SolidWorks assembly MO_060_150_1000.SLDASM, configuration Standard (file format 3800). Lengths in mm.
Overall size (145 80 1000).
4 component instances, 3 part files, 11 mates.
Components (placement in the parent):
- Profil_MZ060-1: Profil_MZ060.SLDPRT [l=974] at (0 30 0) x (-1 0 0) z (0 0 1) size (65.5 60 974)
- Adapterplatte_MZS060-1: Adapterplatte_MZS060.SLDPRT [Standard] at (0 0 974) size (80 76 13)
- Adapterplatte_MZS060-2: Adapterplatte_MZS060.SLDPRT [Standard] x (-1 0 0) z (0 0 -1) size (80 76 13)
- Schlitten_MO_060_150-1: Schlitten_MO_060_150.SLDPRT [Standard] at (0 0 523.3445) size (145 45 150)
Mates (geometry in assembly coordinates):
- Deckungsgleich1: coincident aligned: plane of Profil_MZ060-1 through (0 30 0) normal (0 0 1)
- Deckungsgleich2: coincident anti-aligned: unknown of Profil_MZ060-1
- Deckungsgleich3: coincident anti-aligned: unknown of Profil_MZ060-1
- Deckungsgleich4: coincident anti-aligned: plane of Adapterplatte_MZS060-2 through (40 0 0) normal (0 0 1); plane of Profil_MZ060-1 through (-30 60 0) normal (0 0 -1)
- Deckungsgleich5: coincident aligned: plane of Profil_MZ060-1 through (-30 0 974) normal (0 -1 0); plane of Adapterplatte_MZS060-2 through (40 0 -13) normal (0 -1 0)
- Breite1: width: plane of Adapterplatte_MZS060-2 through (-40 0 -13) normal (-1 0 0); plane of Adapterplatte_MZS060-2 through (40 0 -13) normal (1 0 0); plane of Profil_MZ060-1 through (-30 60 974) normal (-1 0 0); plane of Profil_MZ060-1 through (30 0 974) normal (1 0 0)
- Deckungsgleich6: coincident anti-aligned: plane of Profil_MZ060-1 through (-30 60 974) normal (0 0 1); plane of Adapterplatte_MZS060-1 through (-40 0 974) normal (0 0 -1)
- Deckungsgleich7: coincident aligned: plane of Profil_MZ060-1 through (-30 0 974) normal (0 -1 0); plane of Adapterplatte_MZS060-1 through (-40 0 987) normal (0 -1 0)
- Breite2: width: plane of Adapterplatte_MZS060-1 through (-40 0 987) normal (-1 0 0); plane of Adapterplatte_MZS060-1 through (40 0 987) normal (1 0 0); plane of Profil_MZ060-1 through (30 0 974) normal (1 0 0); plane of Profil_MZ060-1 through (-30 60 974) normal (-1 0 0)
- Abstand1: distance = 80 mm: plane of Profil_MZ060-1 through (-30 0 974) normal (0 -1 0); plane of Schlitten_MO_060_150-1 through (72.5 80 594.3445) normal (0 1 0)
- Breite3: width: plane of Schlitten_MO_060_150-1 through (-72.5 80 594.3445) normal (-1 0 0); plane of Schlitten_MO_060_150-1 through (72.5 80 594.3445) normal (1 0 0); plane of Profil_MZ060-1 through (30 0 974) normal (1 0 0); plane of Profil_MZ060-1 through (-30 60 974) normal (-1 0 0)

Assigned task:
Repeat the whole listing exactly. Leave nothing out.

Exercise solution:
SolidWorks assembly MO_060_150_1000.SLDASM, configuration Standard (file format 3800). Lengths in mm.
Overall size (145 80 1000).
4 component instances, 3 part files, 11 mates.
Components (placement in the parent):
- Profil_MZ060-1: Profil_MZ060.SLDPRT [l=974] at (0 30 0) x (-1 0 0) z (0 0 1) size (65.5 60 974)
- Adapterplatte_MZS060-1: Adapterplatte_MZS060.SLDPRT [Standard] at (0 0 974) size (80 76 13)
- Adapterplatte_MZS060-2: Adapterplatte_MZS060.SLDPRT [Standard] x (-1 0 0) z (0 0 -1) size (80 76 13)
- Schlitten_MO_060_150-1: Schlitten_MO_060_150.SLDPRT [Standard] at (0 0 523.3445) size (145 45 150)
Mates (geometry in assembly coordinates):
- Deckungsgleich1: coincident aligned: plane of Profil_MZ060-1 through (0 30 0) normal (0 0 1)
- Deckungsgleich2: coincident anti-aligned: unknown of Profil_MZ060-1
- Deckungsgleich3: coincident anti-aligned: unknown of Profil_MZ060-1
- Deckungsgleich4: coincident anti-aligned: plane of Adapterplatte_MZS060-2 through (40 0 0) normal (0 0 1); plane of Profil_MZ060-1 through (-30 60 0) normal (0 0 -1)
- Deckungsgleich5: coincident aligned: plane of Profil_MZ060-1 through (-30 0 974) normal (0 -1 0); plane of Adapterplatte_MZS060-2 through (40 0 -13) normal (0 -1 0)
- Breite1: width: plane of Adapterplatte_MZS060-2 through (-40 0 -13) normal (-1 0 0); plane of Adapterplatte_MZS060-2 through (40 0 -13) normal (1 0 0); plane of Profil_MZ060-1 through (-30 60 974) normal (-1 0 0); plane of Profil_MZ060-1 through (30 0 974) normal (1 0 0)
- Deckungsgleich6: coincident anti-aligned: plane of Profil_MZ060-1 through (-30 60 974) normal (0 0 1); plane of Adapterplatte_MZS060-1 through (-40 0 974) normal (0 0 -1)
- Deckungsgleich7: coincident aligned: plane of Profil_MZ060-1 through (-30 0 974) normal (0 -1 0); plane of Adapterplatte_MZS060-1 through (-40 0 987) normal (0 -1 0)
- Breite2: width: plane of Adapterplatte_MZS060-1 through (-40 0 987) normal (-1 0 0); plane of Adapterplatte_MZS060-1 through (40 0 987) normal (1 0 0); plane of Profil_MZ060-1 through (30 0 974) normal (1 0 0); plane of Profil_MZ060-1 through (-30 60 974) normal (-1 0 0)
- Abstand1: distance = 80 mm: plane of Profil_MZ060-1 through (-30 0 974) normal (0 -1 0); plane of Schlitten_MO_060_150-1 through (72.5 80 594.3445) normal (0 1 0)
- Breite3: width: plane of Schlitten_MO_060_150-1 through (-72.5 80 594.3445) normal (-1 0 0); plane of Schlitten_MO_060_150-1 through (72.5 80 594.3445) normal (1 0 0); plane of Profil_MZ060-1 through (30 0 974) normal (1 0 0); plane of Profil_MZ060-1 through (-30 60 974) normal (-1 0 0)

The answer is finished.